EXERCISE GOAL: Copy the first line of the entries below and every line after it through the line containing "#25=DIRECTION('',(0.,0.,1.));". Do not include pictures.

Collected data entries
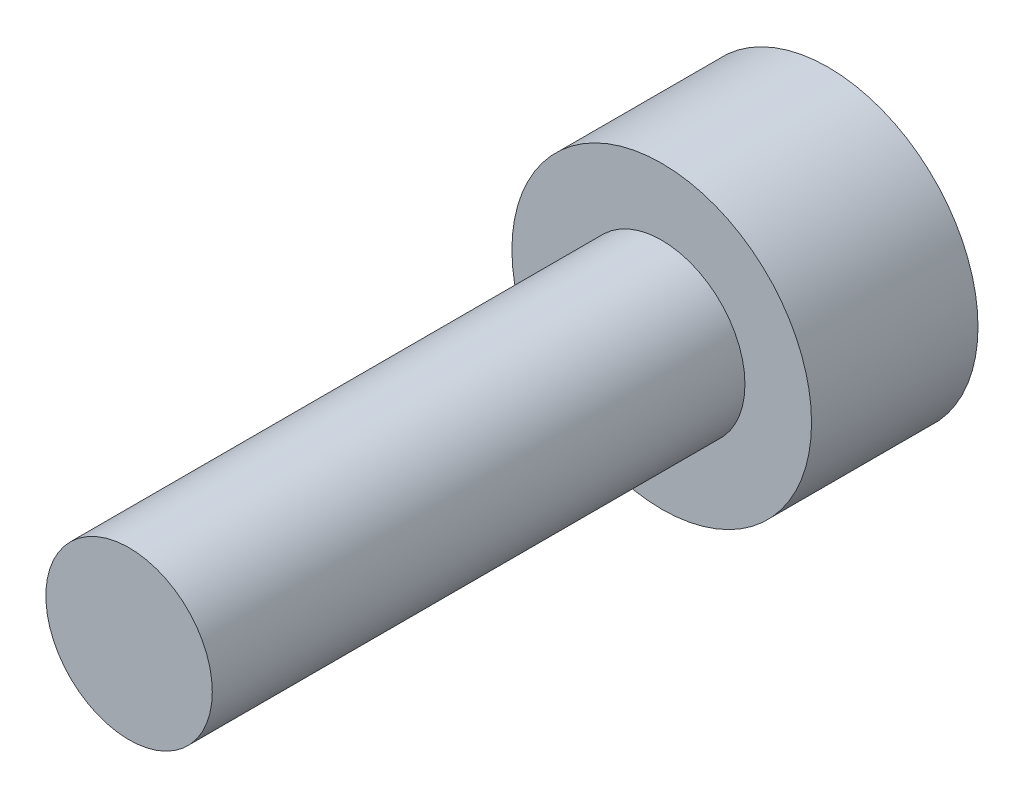
ISO-10303-21;
HEADER;
FILE_DESCRIPTION(('STEP AP214'),'2;1');
FILE_NAME('part.step','',(''),(''),'','','');
FILE_SCHEMA(('AUTOMOTIVE_DESIGN { 1 0 10303 214 1 1 1 1 }'));
ENDSEC;
DATA;
#1=APPLICATION_CONTEXT('core data for automotive mechanical design processes');
#2=APPLICATION_PROTOCOL_DEFINITION('international standard','automotive_design',2000,#1);
#3=PRODUCT_CONTEXT('',#1,'mechanical');
#4=PRODUCT('Part','Part','',(#3));
#5=PRODUCT_RELATED_PRODUCT_CATEGORY('part','',(#4));
#6=PRODUCT_DEFINITION_FORMATION('','',#4);
#7=PRODUCT_DEFINITION_CONTEXT('part definition',#1,'design');
#8=PRODUCT_DEFINITION('design','',#6,#7);
#9=PRODUCT_DEFINITION_SHAPE('','',#8);
#10=(LENGTH_UNIT() NAMED_UNIT(*) SI_UNIT(.MILLI.,.METRE.));
#11=(NAMED_UNIT(*) PLANE_ANGLE_UNIT() SI_UNIT($,.RADIAN.));
#12=(NAMED_UNIT(*) SI_UNIT($,.STERADIAN.) SOLID_ANGLE_UNIT());
#13=UNCERTAINTY_MEASURE_WITH_UNIT(LENGTH_MEASURE(1.E-05),#10,'distance_accuracy_value','');
#14=(GEOMETRIC_REPRESENTATION_CONTEXT(3) GLOBAL_UNCERTAINTY_ASSIGNED_CONTEXT((#13)) GLOBAL_UNIT_ASSIGNED_CONTEXT((#10,
#11,#12)) REPRESENTATION_CONTEXT('',''));
#15=CARTESIAN_POINT('',(0.,0.,0.));
#16=DIRECTION('',(0.,0.,1.));
#17=DIRECTION('',(1.,0.,0.));
#18=AXIS2_PLACEMENT_3D('',#15,#16,#17);
#19=CARTESIAN_POINT('',(0.,0.,-2.5));
#20=DIRECTION('',(0.,0.,1.));
#21=DIRECTION('',(1.,0.,0.));
#22=AXIS2_PLACEMENT_3D('',#19,#20,#21);
#23=PLANE('',#22);
#24=CARTESIAN_POINT('',(0.,0.,-2.5));
#25=DIRECTION('',(0.,0.,1.));
#26=DIRECTION('',(1.,0.,0.));
#27=AXIS2_PLACEMENT_3D('',#24,#25,#26);
#28=CIRCLE('',#27,2.25);
#29=CARTESIAN_POINT('',(2.25,0.,-2.5));
#30=VERTEX_POINT('',#29);
#31=EDGE_CURVE('E50',#30,#30,#28,.T.);
#32=ORIENTED_EDGE('',*,*,#31,.F.);
#33=EDGE_LOOP('',(#32));
#34=FACE_BOUND('',#33,.T.);
#35=DIRECTION('',(0.866025403784441,-0.499999999999995,0.));
#36=VECTOR('',#35,1.);
#37=CARTESIAN_POINT('',(-0.999999999999993,-0.577350269189637,-2.5));
#38=LINE('',#37,#36);
#39=CARTESIAN_POINT('',(-0.999999999999993,-0.577350269189637,-2.5));
#40=VERTEX_POINT('',#39);
#41=CARTESIAN_POINT('',(0.,-1.15470053837925,-2.5));
#42=VERTEX_POINT('',#41);
#43=EDGE_CURVE('E64',#40,#42,#38,.T.);
#44=ORIENTED_EDGE('',*,*,#43,.T.);
#45=DIRECTION('',(0.866025403784438,0.500000000000001,0.));
#46=VECTOR('',#45,1.);
#47=CARTESIAN_POINT('',(0.,-1.15470053837925,-2.5));
#48=LINE('',#47,#46);
#49=CARTESIAN_POINT('',(1.,-0.577350269189624,-2.5));
#50=VERTEX_POINT('',#49);
#51=EDGE_CURVE('E136',#42,#50,#48,.T.);
#52=ORIENTED_EDGE('',*,*,#51,.T.);
#53=DIRECTION('',(0.,1.,0.));
#54=VECTOR('',#53,1.);
#55=CARTESIAN_POINT('',(1.,-0.577350269189624,-2.5));
#56=LINE('',#55,#54);
#57=CARTESIAN_POINT('',(0.999999999999998,0.57735026918963,-2.5));
#58=VERTEX_POINT('',#57);
#59=EDGE_CURVE('E141',#50,#58,#56,.T.);
#60=ORIENTED_EDGE('',*,*,#59,.T.);
#61=DIRECTION('',(-0.866025403784442,0.499999999999995,0.));
#62=VECTOR('',#61,1.);
#63=CARTESIAN_POINT('',(0.999999999999998,0.57735026918963,-2.5));
#64=LINE('',#63,#62);
#65=CARTESIAN_POINT('',(0.,1.15470053837925,-2.5));
#66=VERTEX_POINT('',#65);
#67=EDGE_CURVE('E150',#58,#66,#64,.T.);
#68=ORIENTED_EDGE('',*,*,#67,.T.);
#69=DIRECTION('',(-0.866025403784434,-0.500000000000007,0.));
#70=VECTOR('',#69,1.);
#71=CARTESIAN_POINT('',(0.,1.15470053837925,-2.5));
#72=LINE('',#71,#70);
#73=CARTESIAN_POINT('',(-1.00000000000001,0.577350269189617,-2.5));
#74=VERTEX_POINT('',#73);
#75=EDGE_CURVE('E125',#66,#74,#72,.T.);
#76=ORIENTED_EDGE('',*,*,#75,.T.);
#77=DIRECTION('',(0.,-1.,0.));
#78=VECTOR('',#77,1.);
#79=CARTESIAN_POINT('',(-1.00000000000001,0.577350269189617,-2.5));
#80=LINE('',#79,#78);
#81=EDGE_CURVE('E151',#74,#40,#80,.T.);
#82=ORIENTED_EDGE('',*,*,#81,.T.);
#83=EDGE_LOOP('',(#44,#52,#60,#68,#76,#82));
#84=FACE_BOUND('',#83,.T.);
#85=ADVANCED_FACE('F43',(#34,#84),#23,.F.);
#86=CARTESIAN_POINT('',(0.,0.,0.));
#87=DIRECTION('',(0.,0.,-1.));
#88=DIRECTION('',(-1.,0.,0.));
#89=AXIS2_PLACEMENT_3D('',#86,#87,#88);
#90=CYLINDRICAL_SURFACE('',#89,2.25);
#91=CARTESIAN_POINT('',(0.,0.,0.));
#92=DIRECTION('',(0.,0.,1.));
#93=DIRECTION('',(1.,0.,0.));
#94=AXIS2_PLACEMENT_3D('',#91,#92,#93);
#95=CIRCLE('',#94,2.25);
#96=CARTESIAN_POINT('',(2.25,0.,0.));
#97=VERTEX_POINT('',#96);
#98=EDGE_CURVE('E52',#97,#97,#95,.T.);
#99=ORIENTED_EDGE('',*,*,#98,.F.);
#100=EDGE_LOOP('',(#99));
#101=FACE_BOUND('',#100,.T.);
#102=ORIENTED_EDGE('',*,*,#31,.T.);
#103=EDGE_LOOP('',(#102));
#104=FACE_BOUND('',#103,.T.);
#105=ADVANCED_FACE('F44',(#101,#104),#90,.T.);
#106=CARTESIAN_POINT('',(0.,0.,0.));
#107=DIRECTION('',(0.,0.,1.));
#108=DIRECTION('',(1.,0.,0.));
#109=AXIS2_PLACEMENT_3D('',#106,#107,#108);
#110=PLANE('',#109);
#111=CARTESIAN_POINT('',(0.,0.,0.));
#112=DIRECTION('',(0.,0.,1.));
#113=DIRECTION('',(1.,0.,0.));
#114=AXIS2_PLACEMENT_3D('',#111,#112,#113);
#115=CIRCLE('',#114,1.25);
#116=CARTESIAN_POINT('',(1.25,0.,0.));
#117=VERTEX_POINT('',#116);
#118=EDGE_CURVE('E11',#117,#117,#115,.T.);
#119=ORIENTED_EDGE('',*,*,#118,.F.);
#120=EDGE_LOOP('',(#119));
#121=FACE_BOUND('',#120,.T.);
#122=ORIENTED_EDGE('',*,*,#98,.T.);
#123=EDGE_LOOP('',(#122));
#124=FACE_BOUND('',#123,.T.);
#125=ADVANCED_FACE('F211',(#121,#124),#110,.T.);
#126=CARTESIAN_POINT('',(0.,0.,8.));
#127=DIRECTION('',(0.,0.,-1.));
#128=DIRECTION('',(-1.,0.,0.));
#129=AXIS2_PLACEMENT_3D('',#126,#127,#128);
#130=CYLINDRICAL_SURFACE('',#129,1.25);
#131=CARTESIAN_POINT('',(0.,0.,8.));
#132=DIRECTION('',(0.,0.,1.));
#133=DIRECTION('',(1.,0.,0.));
#134=AXIS2_PLACEMENT_3D('',#131,#132,#133);
#135=CIRCLE('',#134,1.25);
#136=CARTESIAN_POINT('',(1.25,0.,8.));
#137=VERTEX_POINT('',#136);
#138=EDGE_CURVE('E169',#137,#137,#135,.T.);
#139=ORIENTED_EDGE('',*,*,#138,.F.);
#140=EDGE_LOOP('',(#139));
#141=FACE_BOUND('',#140,.T.);
#142=ORIENTED_EDGE('',*,*,#118,.T.);
#143=EDGE_LOOP('',(#142));
#144=FACE_BOUND('',#143,.T.);
#145=ADVANCED_FACE('F210',(#141,#144),#130,.T.);
#146=CARTESIAN_POINT('',(0.,0.,8.));
#147=DIRECTION('',(0.,0.,1.));
#148=DIRECTION('',(1.,0.,0.));
#149=AXIS2_PLACEMENT_3D('',#146,#147,#148);
#150=PLANE('',#149);
#151=ORIENTED_EDGE('',*,*,#138,.T.);
#152=EDGE_LOOP('',(#151));
#153=FACE_BOUND('',#152,.T.);
#154=ADVANCED_FACE('F203',(#153),#150,.T.);
#155=CARTESIAN_POINT('',(-0.999999999999993,-0.577350269189637,-1.25));
#156=DIRECTION('',(0.499999999999995,0.866025403784441,0.));
#157=DIRECTION('',(-0.866025403784441,0.499999999999995,0.));
#158=AXIS2_PLACEMENT_3D('',#155,#156,#157);
#159=PLANE('',#158);
#160=ORIENTED_EDGE('',*,*,#43,.F.);
#161=DIRECTION('',(0.,0.,-1.));
#162=VECTOR('',#161,1.);
#163=CARTESIAN_POINT('',(-0.999999999999993,-0.577350269189637,-1.25));
#164=LINE('',#163,#162);
#165=CARTESIAN_POINT('',(-0.999999999999993,-0.577350269189637,-1.25));
#166=VERTEX_POINT('',#165);
#167=EDGE_CURVE('E135',#166,#40,#164,.T.);
#168=ORIENTED_EDGE('',*,*,#167,.F.);
#169=DIRECTION('',(0.866025403784441,-0.499999999999995,0.));
#170=VECTOR('',#169,1.);
#171=CARTESIAN_POINT('',(-0.999999999999993,-0.577350269189637,-1.25));
#172=LINE('',#171,#170);
#173=CARTESIAN_POINT('',(0.,-1.15470053837925,-1.25));
#174=VERTEX_POINT('',#173);
#175=EDGE_CURVE('E154',#166,#174,#172,.T.);
#176=ORIENTED_EDGE('',*,*,#175,.T.);
#177=DIRECTION('',(0.,0.,-1.));
#178=VECTOR('',#177,1.);
#179=CARTESIAN_POINT('',(0.,-1.15470053837925,-1.25));
#180=LINE('',#179,#178);
#181=EDGE_CURVE('E164',#174,#42,#180,.T.);
#182=ORIENTED_EDGE('',*,*,#181,.T.);
#183=EDGE_LOOP('',(#160,#168,#176,#182));
#184=FACE_BOUND('',#183,.T.);
#185=ADVANCED_FACE('F185',(#184),#159,.T.);
#186=CARTESIAN_POINT('',(0.,-1.15470053837925,-1.25));
#187=DIRECTION('',(-0.500000000000001,0.866025403784438,0.));
#188=DIRECTION('',(-0.866025403784438,-0.500000000000001,0.));
#189=AXIS2_PLACEMENT_3D('',#186,#187,#188);
#190=PLANE('',#189);
#191=ORIENTED_EDGE('',*,*,#51,.F.);
#192=ORIENTED_EDGE('',*,*,#181,.F.);
#193=DIRECTION('',(0.866025403784438,0.500000000000001,0.));
#194=VECTOR('',#193,1.);
#195=CARTESIAN_POINT('',(0.,-1.15470053837925,-1.25));
#196=LINE('',#195,#194);
#197=CARTESIAN_POINT('',(1.,-0.577350269189624,-1.25));
#198=VERTEX_POINT('',#197);
#199=EDGE_CURVE('E99',#174,#198,#196,.T.);
#200=ORIENTED_EDGE('',*,*,#199,.T.);
#201=DIRECTION('',(0.,0.,-1.));
#202=VECTOR('',#201,1.);
#203=CARTESIAN_POINT('',(1.,-0.577350269189624,-1.25));
#204=LINE('',#203,#202);
#205=EDGE_CURVE('E165',#198,#50,#204,.T.);
#206=ORIENTED_EDGE('',*,*,#205,.T.);
#207=EDGE_LOOP('',(#191,#192,#200,#206));
#208=FACE_BOUND('',#207,.T.);
#209=ADVANCED_FACE('F191',(#208),#190,.T.);
#210=CARTESIAN_POINT('',(1.,-0.577350269189624,-1.25));
#211=DIRECTION('',(-1.,0.,0.));
#212=DIRECTION('',(0.,-1.,0.));
#213=AXIS2_PLACEMENT_3D('',#210,#211,#212);
#214=PLANE('',#213);
#215=ORIENTED_EDGE('',*,*,#59,.F.);
#216=ORIENTED_EDGE('',*,*,#205,.F.);
#217=DIRECTION('',(0.,1.,0.));
#218=VECTOR('',#217,1.);
#219=CARTESIAN_POINT('',(1.,-0.577350269189624,-1.25));
#220=LINE('',#219,#218);
#221=CARTESIAN_POINT('',(0.999999999999998,0.57735026918963,-1.25));
#222=VERTEX_POINT('',#221);
#223=EDGE_CURVE('E118',#198,#222,#220,.T.);
#224=ORIENTED_EDGE('',*,*,#223,.T.);
#225=DIRECTION('',(0.,0.,-1.));
#226=VECTOR('',#225,1.);
#227=CARTESIAN_POINT('',(0.999999999999998,0.57735026918963,-1.25));
#228=LINE('',#227,#226);
#229=EDGE_CURVE('E113',#222,#58,#228,.T.);
#230=ORIENTED_EDGE('',*,*,#229,.T.);
#231=EDGE_LOOP('',(#215,#216,#224,#230));
#232=FACE_BOUND('',#231,.T.);
#233=ADVANCED_FACE('F194',(#232),#214,.T.);
#234=CARTESIAN_POINT('',(0.999999999999998,0.57735026918963,-1.25));
#235=DIRECTION('',(-0.499999999999995,-0.866025403784442,0.));
#236=DIRECTION('',(0.866025403784442,-0.499999999999995,0.));
#237=AXIS2_PLACEMENT_3D('',#234,#235,#236);
#238=PLANE('',#237);
#239=ORIENTED_EDGE('',*,*,#67,.F.);
#240=ORIENTED_EDGE('',*,*,#229,.F.);
#241=DIRECTION('',(-0.866025403784442,0.499999999999995,0.));
#242=VECTOR('',#241,1.);
#243=CARTESIAN_POINT('',(0.999999999999998,0.57735026918963,-1.25));
#244=LINE('',#243,#242);
#245=CARTESIAN_POINT('',(0.,1.15470053837925,-1.25));
#246=VERTEX_POINT('',#245);
#247=EDGE_CURVE('E109',#222,#246,#244,.T.);
#248=ORIENTED_EDGE('',*,*,#247,.T.);
#249=DIRECTION('',(0.,0.,-1.));
#250=VECTOR('',#249,1.);
#251=CARTESIAN_POINT('',(0.,1.15470053837925,-1.25));
#252=LINE('',#251,#250);
#253=EDGE_CURVE('E111',#246,#66,#252,.T.);
#254=ORIENTED_EDGE('',*,*,#253,.T.);
#255=EDGE_LOOP('',(#239,#240,#248,#254));
#256=FACE_BOUND('',#255,.T.);
#257=ADVANCED_FACE('F114',(#256),#238,.T.);
#258=CARTESIAN_POINT('',(0.,1.15470053837925,-1.25));
#259=DIRECTION('',(0.500000000000007,-0.866025403784435,0.));
#260=DIRECTION('',(0.866025403784435,0.500000000000007,0.));
#261=AXIS2_PLACEMENT_3D('',#258,#259,#260);
#262=PLANE('',#261);
#263=ORIENTED_EDGE('',*,*,#75,.F.);
#264=ORIENTED_EDGE('',*,*,#253,.F.);
#265=DIRECTION('',(-0.866025403784434,-0.500000000000007,0.));
#266=VECTOR('',#265,1.);
#267=CARTESIAN_POINT('',(0.,1.15470053837925,-1.25));
#268=LINE('',#267,#266);
#269=CARTESIAN_POINT('',(-1.00000000000001,0.577350269189617,-1.25));
#270=VERTEX_POINT('',#269);
#271=EDGE_CURVE('E120',#246,#270,#268,.T.);
#272=ORIENTED_EDGE('',*,*,#271,.T.);
#273=DIRECTION('',(0.,0.,-1.));
#274=VECTOR('',#273,1.);
#275=CARTESIAN_POINT('',(-1.00000000000001,0.577350269189617,-1.25));
#276=LINE('',#275,#274);
#277=EDGE_CURVE('E93',#270,#74,#276,.T.);
#278=ORIENTED_EDGE('',*,*,#277,.T.);
#279=EDGE_LOOP('',(#263,#264,#272,#278));
#280=FACE_BOUND('',#279,.T.);
#281=ADVANCED_FACE('F122',(#280),#262,.T.);
#282=CARTESIAN_POINT('',(-1.00000000000001,0.577350269189617,-1.25));
#283=DIRECTION('',(1.,0.,0.));
#284=DIRECTION('',(0.,1.,0.));
#285=AXIS2_PLACEMENT_3D('',#282,#283,#284);
#286=PLANE('',#285);
#287=ORIENTED_EDGE('',*,*,#81,.F.);
#288=ORIENTED_EDGE('',*,*,#277,.F.);
#289=DIRECTION('',(0.,-1.,0.));
#290=VECTOR('',#289,1.);
#291=CARTESIAN_POINT('',(-1.00000000000001,0.577350269189617,-1.25));
#292=LINE('',#291,#290);
#293=EDGE_CURVE('E66',#270,#166,#292,.T.);
#294=ORIENTED_EDGE('',*,*,#293,.T.);
#295=ORIENTED_EDGE('',*,*,#167,.T.);
#296=EDGE_LOOP('',(#287,#288,#294,#295));
#297=FACE_BOUND('',#296,.T.);
#298=ADVANCED_FACE('F182',(#297),#286,.T.);
#299=CARTESIAN_POINT('',(0.,0.,-1.25));
#300=DIRECTION('',(0.,0.,1.));
#301=DIRECTION('',(1.,0.,0.));
#302=AXIS2_PLACEMENT_3D('',#299,#300,#301);
#303=PLANE('',#302);
#304=ORIENTED_EDGE('',*,*,#175,.F.);
#305=ORIENTED_EDGE('',*,*,#293,.F.);
#306=ORIENTED_EDGE('',*,*,#271,.F.);
#307=ORIENTED_EDGE('',*,*,#247,.F.);
#308=ORIENTED_EDGE('',*,*,#223,.F.);
#309=ORIENTED_EDGE('',*,*,#199,.F.);
#310=EDGE_LOOP('',(#304,#305,#306,#307,#308,#309));
#311=FACE_BOUND('',#310,.T.);
#312=ADVANCED_FACE('F130',(#311),#303,.F.);
#313=CLOSED_SHELL('',(#85,#105,#125,#145,#154,#185,#209,#233,#257,#281,#298,#312));
#314=MANIFOLD_SOLID_BREP('B2',#313);
#315=ADVANCED_BREP_SHAPE_REPRESENTATION('',(#18,#314),#14);
#316=SHAPE_DEFINITION_REPRESENTATION(#9,#315);
ENDSEC;
END-ISO-10303-21;

OUTPUT OF THE EXERCISE:
ISO-10303-21;
HEADER;
FILE_DESCRIPTION(('STEP AP214'),'2;1');
FILE_NAME('part.step','',(''),(''),'','','');
FILE_SCHEMA(('AUTOMOTIVE_DESIGN { 1 0 10303 214 1 1 1 1 }'));
ENDSEC;
DATA;
#1=APPLICATION_CONTEXT('core data for automotive mechanical design processes');
#2=APPLICATION_PROTOCOL_DEFINITION('international standard','automotive_design',2000,#1);
#3=PRODUCT_CONTEXT('',#1,'mechanical');
#4=PRODUCT('Part','Part','',(#3));
#5=PRODUCT_RELATED_PRODUCT_CATEGORY('part','',(#4));
#6=PRODUCT_DEFINITION_FORMATION('','',#4);
#7=PRODUCT_DEFINITION_CONTEXT('part definition',#1,'design');
#8=PRODUCT_DEFINITION('design','',#6,#7);
#9=PRODUCT_DEFINITION_SHAPE('','',#8);
#10=(LENGTH_UNIT() NAMED_UNIT(*) SI_UNIT(.MILLI.,.METRE.));
#11=(NAMED_UNIT(*) PLANE_ANGLE_UNIT() SI_UNIT($,.RADIAN.));
#12=(NAMED_UNIT(*) SI_UNIT($,.STERADIAN.) SOLID_ANGLE_UNIT());
#13=UNCERTAINTY_MEASURE_WITH_UNIT(LENGTH_MEASURE(1.E-05),#10,'distance_accuracy_value','');
#14=(GEOMETRIC_REPRESENTATION_CONTEXT(3) GLOBAL_UNCERTAINTY_ASSIGNED_CONTEXT((#13)) GLOBAL_UNIT_ASSIGNED_CONTEXT((#10,
#11,#12)) REPRESENTATION_CONTEXT('',''));
#15=CARTESIAN_POINT('',(0.,0.,0.));
#16=DIRECTION('',(0.,0.,1.));
#17=DIRECTION('',(1.,0.,0.));
#18=AXIS2_PLACEMENT_3D('',#15,#16,#17);
#19=CARTESIAN_POINT('',(0.,0.,-2.5));
#20=DIRECTION('',(0.,0.,1.));
#21=DIRECTION('',(1.,0.,0.));
#22=AXIS2_PLACEMENT_3D('',#19,#20,#21);
#23=PLANE('',#22);
#24=CARTESIAN_POINT('',(0.,0.,-2.5));
#25=DIRECTION('',(0.,0.,1.));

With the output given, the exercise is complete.